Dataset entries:

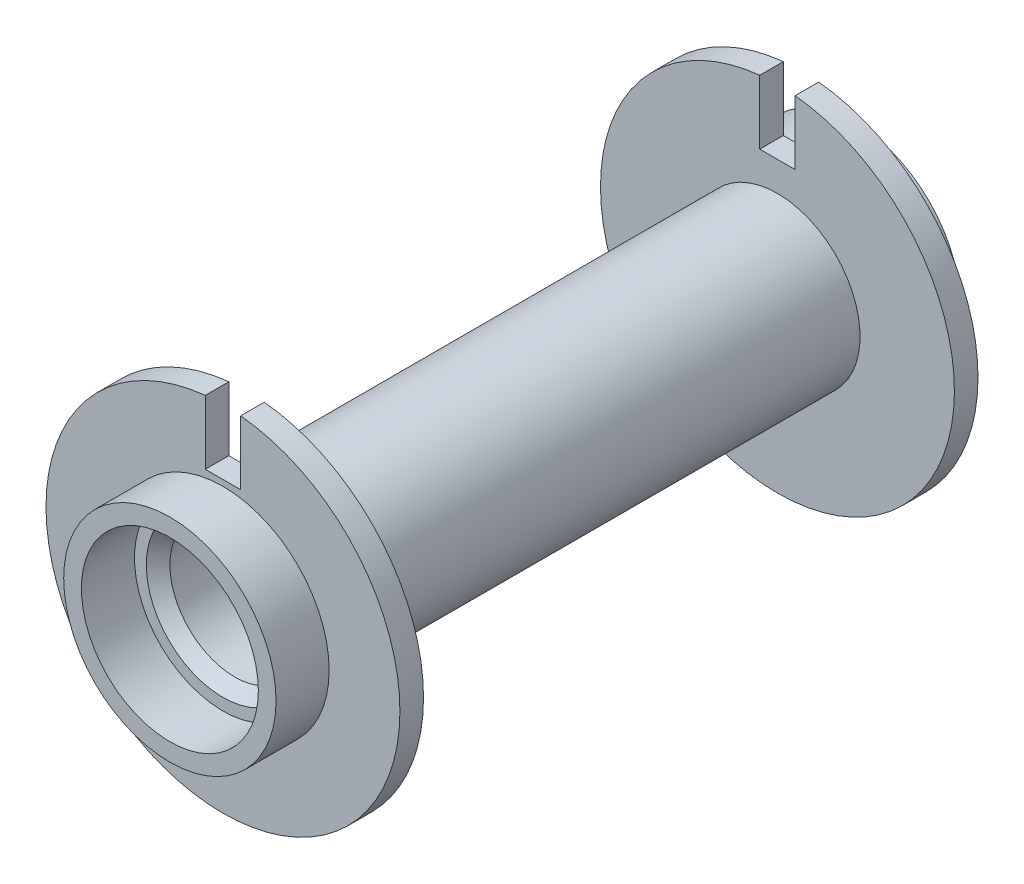
ISO-10303-21;
HEADER;
FILE_DESCRIPTION(('STEP AP214'),'2;1');
FILE_NAME('part.step','',(''),(''),'','','');
FILE_SCHEMA(('AUTOMOTIVE_DESIGN { 1 0 10303 214 1 1 1 1 }'));
ENDSEC;
DATA;
#1=APPLICATION_CONTEXT('core data for automotive mechanical design processes');
#2=APPLICATION_PROTOCOL_DEFINITION('international standard','automotive_design',2000,#1);
#3=PRODUCT_CONTEXT('',#1,'mechanical');
#4=PRODUCT('Part','Part','',(#3));
#5=PRODUCT_RELATED_PRODUCT_CATEGORY('part','',(#4));
#6=PRODUCT_DEFINITION_FORMATION('','',#4);
#7=PRODUCT_DEFINITION_CONTEXT('part definition',#1,'design');
#8=PRODUCT_DEFINITION('design','',#6,#7);
#9=PRODUCT_DEFINITION_SHAPE('','',#8);
#10=(LENGTH_UNIT() NAMED_UNIT(*) SI_UNIT(.MILLI.,.METRE.));
#11=(NAMED_UNIT(*) PLANE_ANGLE_UNIT() SI_UNIT($,.RADIAN.));
#12=(NAMED_UNIT(*) SI_UNIT($,.STERADIAN.) SOLID_ANGLE_UNIT());
#13=UNCERTAINTY_MEASURE_WITH_UNIT(LENGTH_MEASURE(1.E-05),#10,'distance_accuracy_value','');
#14=(GEOMETRIC_REPRESENTATION_CONTEXT(3) GLOBAL_UNCERTAINTY_ASSIGNED_CONTEXT((#13)) GLOBAL_UNIT_ASSIGNED_CONTEXT((#10,
#11,#12)) REPRESENTATION_CONTEXT('',''));
#15=CARTESIAN_POINT('',(0.,0.,0.));
#16=DIRECTION('',(0.,0.,1.));
#17=DIRECTION('',(1.,0.,0.));
#18=AXIS2_PLACEMENT_3D('',#15,#16,#17);
#19=CARTESIAN_POINT('',(0.,0.,-22.5));
#20=DIRECTION('',(0.,0.,-1.));
#21=DIRECTION('',(-1.,0.,0.));
#22=AXIS2_PLACEMENT_3D('',#19,#20,#21);
#23=CYLINDRICAL_SURFACE('',#22,15.);
#24=CARTESIAN_POINT('',(0.,0.,-24.5));
#25=DIRECTION('',(0.,0.,-1.));
#26=DIRECTION('',(-1.,0.,0.));
#27=AXIS2_PLACEMENT_3D('',#24,#25,#26);
#28=CIRCLE('',#27,15.);
#29=CARTESIAN_POINT('',(1.5,14.9248115565993,-24.5));
#30=VERTEX_POINT('',#29);
#31=CARTESIAN_POINT('',(-1.5,14.9248115565993,-24.5));
#32=VERTEX_POINT('',#31);
#33=EDGE_CURVE('E152',#30,#32,#28,.T.);
#34=ORIENTED_EDGE('',*,*,#33,.F.);
#35=DIRECTION('',(0.,0.,-1.));
#36=VECTOR('',#35,1.);
#37=CARTESIAN_POINT('',(1.5,14.9248115565993,-22.5));
#38=LINE('',#37,#36);
#39=CARTESIAN_POINT('',(1.5,14.9248115565993,-22.5));
#40=VERTEX_POINT('',#39);
#41=EDGE_CURVE('E104',#30,#40,#38,.F.);
#42=ORIENTED_EDGE('',*,*,#41,.T.);
#43=CARTESIAN_POINT('',(0.,0.,-22.5));
#44=DIRECTION('',(0.,0.,1.));
#45=DIRECTION('',(1.,0.,0.));
#46=AXIS2_PLACEMENT_3D('',#43,#44,#45);
#47=CIRCLE('',#46,15.);
#48=CARTESIAN_POINT('',(-1.5,14.9248115565993,-22.5));
#49=VERTEX_POINT('',#48);
#50=EDGE_CURVE('E178',#49,#40,#47,.T.);
#51=ORIENTED_EDGE('',*,*,#50,.F.);
#52=DIRECTION('',(0.,0.,-1.));
#53=VECTOR('',#52,1.);
#54=CARTESIAN_POINT('',(-1.5,14.9248115565993,-22.5));
#55=LINE('',#54,#53);
#56=EDGE_CURVE('E133',#49,#32,#55,.T.);
#57=ORIENTED_EDGE('',*,*,#56,.T.);
#58=EDGE_LOOP('',(#34,#42,#51,#57));
#59=FACE_BOUND('',#58,.T.);
#60=ADVANCED_FACE('F34',(#59),#23,.T.);
#61=CARTESIAN_POINT('',(0.,0.,29.5));
#62=DIRECTION('',(0.,0.,-1.));
#63=DIRECTION('',(-1.,0.,0.));
#64=AXIS2_PLACEMENT_3D('',#61,#62,#63);
#65=CYLINDRICAL_SURFACE('',#64,7.);
#66=CARTESIAN_POINT('',(0.,0.,22.5));
#67=DIRECTION('',(0.,0.,1.));
#68=DIRECTION('',(1.,0.,0.));
#69=AXIS2_PLACEMENT_3D('',#66,#67,#68);
#70=CIRCLE('',#69,7.);
#71=CARTESIAN_POINT('',(7.,0.,22.5));
#72=VERTEX_POINT('',#71);
#73=EDGE_CURVE('E185',#72,#72,#70,.T.);
#74=ORIENTED_EDGE('',*,*,#73,.F.);
#75=EDGE_LOOP('',(#74));
#76=FACE_BOUND('',#75,.T.);
#77=CARTESIAN_POINT('',(0.,0.,-22.5));
#78=DIRECTION('',(0.,0.,-1.));
#79=DIRECTION('',(-1.,0.,0.));
#80=AXIS2_PLACEMENT_3D('',#77,#78,#79);
#81=CIRCLE('',#80,7.);
#82=CARTESIAN_POINT('',(-7.,0.,-22.5));
#83=VERTEX_POINT('',#82);
#84=EDGE_CURVE('E182',#83,#83,#81,.T.);
#85=ORIENTED_EDGE('',*,*,#84,.F.);
#86=EDGE_LOOP('',(#85));
#87=FACE_BOUND('',#86,.T.);
#88=ADVANCED_FACE('F216',(#76,#87),#65,.T.);
#89=CARTESIAN_POINT('',(0.,0.,29.5));
#90=DIRECTION('',(0.,0.,-1.));
#91=DIRECTION('',(-1.,0.,0.));
#92=AXIS2_PLACEMENT_3D('',#89,#90,#91);
#93=CYLINDRICAL_SURFACE('',#92,5.5);
#94=CARTESIAN_POINT('',(0.,0.,23.5));
#95=DIRECTION('',(0.,0.,1.));
#96=DIRECTION('',(1.,0.,0.));
#97=AXIS2_PLACEMENT_3D('',#94,#95,#96);
#98=CIRCLE('',#97,5.5);
#99=CARTESIAN_POINT('',(5.5,0.,23.5));
#100=VERTEX_POINT('',#99);
#101=EDGE_CURVE('E196',#100,#100,#98,.T.);
#102=ORIENTED_EDGE('',*,*,#101,.T.);
#103=EDGE_LOOP('',(#102));
#104=FACE_BOUND('',#103,.T.);
#105=CARTESIAN_POINT('',(0.,0.,-23.5));
#106=DIRECTION('',(0.,0.,-1.));
#107=DIRECTION('',(-1.,0.,0.));
#108=AXIS2_PLACEMENT_3D('',#105,#106,#107);
#109=CIRCLE('',#108,5.5);
#110=CARTESIAN_POINT('',(-5.5,0.,-23.5));
#111=VERTEX_POINT('',#110);
#112=EDGE_CURVE('E158',#111,#111,#109,.T.);
#113=ORIENTED_EDGE('',*,*,#112,.T.);
#114=EDGE_LOOP('',(#113));
#115=FACE_BOUND('',#114,.T.);
#116=ADVANCED_FACE('F213',(#104,#115),#93,.F.);
#117=CARTESIAN_POINT('',(0.,0.,22.5));
#118=DIRECTION('',(0.,0.,1.));
#119=DIRECTION('',(1.,0.,0.));
#120=AXIS2_PLACEMENT_3D('',#117,#118,#119);
#121=PLANE('',#120);
#122=DIRECTION('',(1.,0.,0.));
#123=VECTOR('',#122,1.);
#124=CARTESIAN_POINT('',(0.,9.5,22.5));
#125=LINE('',#124,#123);
#126=CARTESIAN_POINT('',(-1.5,9.5,22.5));
#127=VERTEX_POINT('',#126);
#128=CARTESIAN_POINT('',(1.5,9.5,22.5));
#129=VERTEX_POINT('',#128);
#130=EDGE_CURVE('E149',#127,#129,#125,.T.);
#131=ORIENTED_EDGE('',*,*,#130,.T.);
#132=DIRECTION('',(0.,1.,0.));
#133=VECTOR('',#132,1.);
#134=CARTESIAN_POINT('',(1.5,0.,22.5));
#135=LINE('',#134,#133);
#136=CARTESIAN_POINT('',(1.5,14.9248115565993,22.5));
#137=VERTEX_POINT('',#136);
#138=EDGE_CURVE('E145',#129,#137,#135,.T.);
#139=ORIENTED_EDGE('',*,*,#138,.T.);
#140=CARTESIAN_POINT('',(0.,0.,22.5));
#141=DIRECTION('',(0.,0.,1.));
#142=DIRECTION('',(1.,0.,0.));
#143=AXIS2_PLACEMENT_3D('',#140,#141,#142);
#144=CIRCLE('',#143,15.);
#145=CARTESIAN_POINT('',(-1.5,14.9248115565993,22.5));
#146=VERTEX_POINT('',#145);
#147=EDGE_CURVE('E181',#146,#137,#144,.T.);
#148=ORIENTED_EDGE('',*,*,#147,.F.);
#149=DIRECTION('',(0.,-1.,0.));
#150=VECTOR('',#149,1.);
#151=CARTESIAN_POINT('',(-1.5,0.,22.5));
#152=LINE('',#151,#150);
#153=EDGE_CURVE('E137',#146,#127,#152,.T.);
#154=ORIENTED_EDGE('',*,*,#153,.T.);
#155=EDGE_LOOP('',(#131,#139,#148,#154));
#156=FACE_BOUND('',#155,.T.);
#157=ORIENTED_EDGE('',*,*,#73,.T.);
#158=EDGE_LOOP('',(#157));
#159=FACE_BOUND('',#158,.T.);
#160=ADVANCED_FACE('F215',(#156,#159),#121,.F.);
#161=CARTESIAN_POINT('',(0.,0.,22.5));
#162=DIRECTION('',(0.,0.,1.));
#163=DIRECTION('',(1.,0.,0.));
#164=AXIS2_PLACEMENT_3D('',#161,#162,#163);
#165=CYLINDRICAL_SURFACE('',#164,15.);
#166=DIRECTION('',(0.,0.,1.));
#167=VECTOR('',#166,1.);
#168=CARTESIAN_POINT('',(1.5,14.9248115565993,22.5));
#169=LINE('',#168,#167);
#170=CARTESIAN_POINT('',(1.5,14.9248115565993,24.5));
#171=VERTEX_POINT('',#170);
#172=EDGE_CURVE('E143',#171,#137,#169,.F.);
#173=ORIENTED_EDGE('',*,*,#172,.F.);
#174=CARTESIAN_POINT('',(0.,0.,24.5));
#175=DIRECTION('',(0.,0.,1.));
#176=DIRECTION('',(1.,0.,0.));
#177=AXIS2_PLACEMENT_3D('',#174,#175,#176);
#178=CIRCLE('',#177,15.);
#179=CARTESIAN_POINT('',(-1.5,14.9248115565993,24.5));
#180=VERTEX_POINT('',#179);
#181=EDGE_CURVE('E160',#180,#171,#178,.T.);
#182=ORIENTED_EDGE('',*,*,#181,.F.);
#183=DIRECTION('',(0.,0.,1.));
#184=VECTOR('',#183,1.);
#185=CARTESIAN_POINT('',(-1.5,14.9248115565993,22.5));
#186=LINE('',#185,#184);
#187=EDGE_CURVE('E49',#146,#180,#186,.T.);
#188=ORIENTED_EDGE('',*,*,#187,.F.);
#189=ORIENTED_EDGE('',*,*,#147,.T.);
#190=EDGE_LOOP('',(#173,#182,#188,#189));
#191=FACE_BOUND('',#190,.T.);
#192=ADVANCED_FACE('F223',(#191),#165,.T.);
#193=CARTESIAN_POINT('',(0.,0.,-22.5));
#194=DIRECTION('',(0.,0.,-1.));
#195=DIRECTION('',(1.,0.,0.));
#196=AXIS2_PLACEMENT_3D('',#193,#194,#195);
#197=PLANE('',#196);
#198=ORIENTED_EDGE('',*,*,#50,.T.);
#199=DIRECTION('',(0.,-1.,0.));
#200=VECTOR('',#199,1.);
#201=CARTESIAN_POINT('',(1.5,0.,-22.5));
#202=LINE('',#201,#200);
#203=CARTESIAN_POINT('',(1.5,9.5,-22.5));
#204=VERTEX_POINT('',#203);
#205=EDGE_CURVE('E140',#40,#204,#202,.T.);
#206=ORIENTED_EDGE('',*,*,#205,.T.);
#207=DIRECTION('',(-1.,0.,0.));
#208=VECTOR('',#207,1.);
#209=CARTESIAN_POINT('',(0.,9.5,-22.5));
#210=LINE('',#209,#208);
#211=CARTESIAN_POINT('',(-1.5,9.5,-22.5));
#212=VERTEX_POINT('',#211);
#213=EDGE_CURVE('E116',#204,#212,#210,.T.);
#214=ORIENTED_EDGE('',*,*,#213,.T.);
#215=DIRECTION('',(0.,1.,0.));
#216=VECTOR('',#215,1.);
#217=CARTESIAN_POINT('',(-1.5,0.,-22.5));
#218=LINE('',#217,#216);
#219=EDGE_CURVE('E130',#212,#49,#218,.T.);
#220=ORIENTED_EDGE('',*,*,#219,.T.);
#221=EDGE_LOOP('',(#198,#206,#214,#220));
#222=FACE_BOUND('',#221,.T.);
#223=ORIENTED_EDGE('',*,*,#84,.T.);
#224=EDGE_LOOP('',(#223));
#225=FACE_BOUND('',#224,.T.);
#226=ADVANCED_FACE('F235',(#222,#225),#197,.F.);
#227=CARTESIAN_POINT('',(0.,0.,24.5));
#228=DIRECTION('',(0.,0.,1.));
#229=DIRECTION('',(1.,0.,0.));
#230=AXIS2_PLACEMENT_3D('',#227,#228,#229);
#231=PLANE('',#230);
#232=CARTESIAN_POINT('',(0.,0.,24.5));
#233=DIRECTION('',(0.,0.,1.));
#234=DIRECTION('',(1.,0.,0.));
#235=AXIS2_PLACEMENT_3D('',#232,#233,#234);
#236=CIRCLE('',#235,6.50000000000001);
#237=CARTESIAN_POINT('',(6.50000000000001,0.,24.5));
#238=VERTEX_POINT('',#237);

PROBLEM TO SOLVE: Could you reproduce, exactly, every line above from the line with "#12=(NAMED_UNIT(*) SI_UNIT($,.STERADIAN.) SOLID_ANGLE_UNIT());" to the line with "#30=VERTEX_POINT('',#29);", and no other line? Both ends count.

RESPONSE AREA:
#12=(NAMED_UNIT(*) SI_UNIT($,.STERADIAN.) SOLID_ANGLE_UNIT());
#13=UNCERTAINTY_MEASURE_WITH_UNIT(LENGTH_MEASURE(1.E-05),#10,'distance_accuracy_value','');
#14=(GEOMETRIC_REPRESENTATION_CONTEXT(3) GLOBAL_UNCERTAINTY_ASSIGNED_CONTEXT((#13)) GLOBAL_UNIT_ASSIGNED_CONTEXT((#10,
#11,#12)) REPRESENTATION_CONTEXT('',''));
#15=CARTESIAN_POINT('',(0.,0.,0.));
#16=DIRECTION('',(0.,0.,1.));
#17=DIRECTION('',(1.,0.,0.));
#18=AXIS2_PLACEMENT_3D('',#15,#16,#17);
#19=CARTESIAN_POINT('',(0.,0.,-22.5));
#20=DIRECTION('',(0.,0.,-1.));
#21=DIRECTION('',(-1.,0.,0.));
#22=AXIS2_PLACEMENT_3D('',#19,#20,#21);
#23=CYLINDRICAL_SURFACE('',#22,15.);
#24=CARTESIAN_POINT('',(0.,0.,-24.5));
#25=DIRECTION('',(0.,0.,-1.));
#26=DIRECTION('',(-1.,0.,0.));
#27=AXIS2_PLACEMENT_3D('',#24,#25,#26);
#28=CIRCLE('',#27,15.);
#29=CARTESIAN_POINT('',(1.5,14.9248115565993,-24.5));
#30=VERTEX_POINT('',#29);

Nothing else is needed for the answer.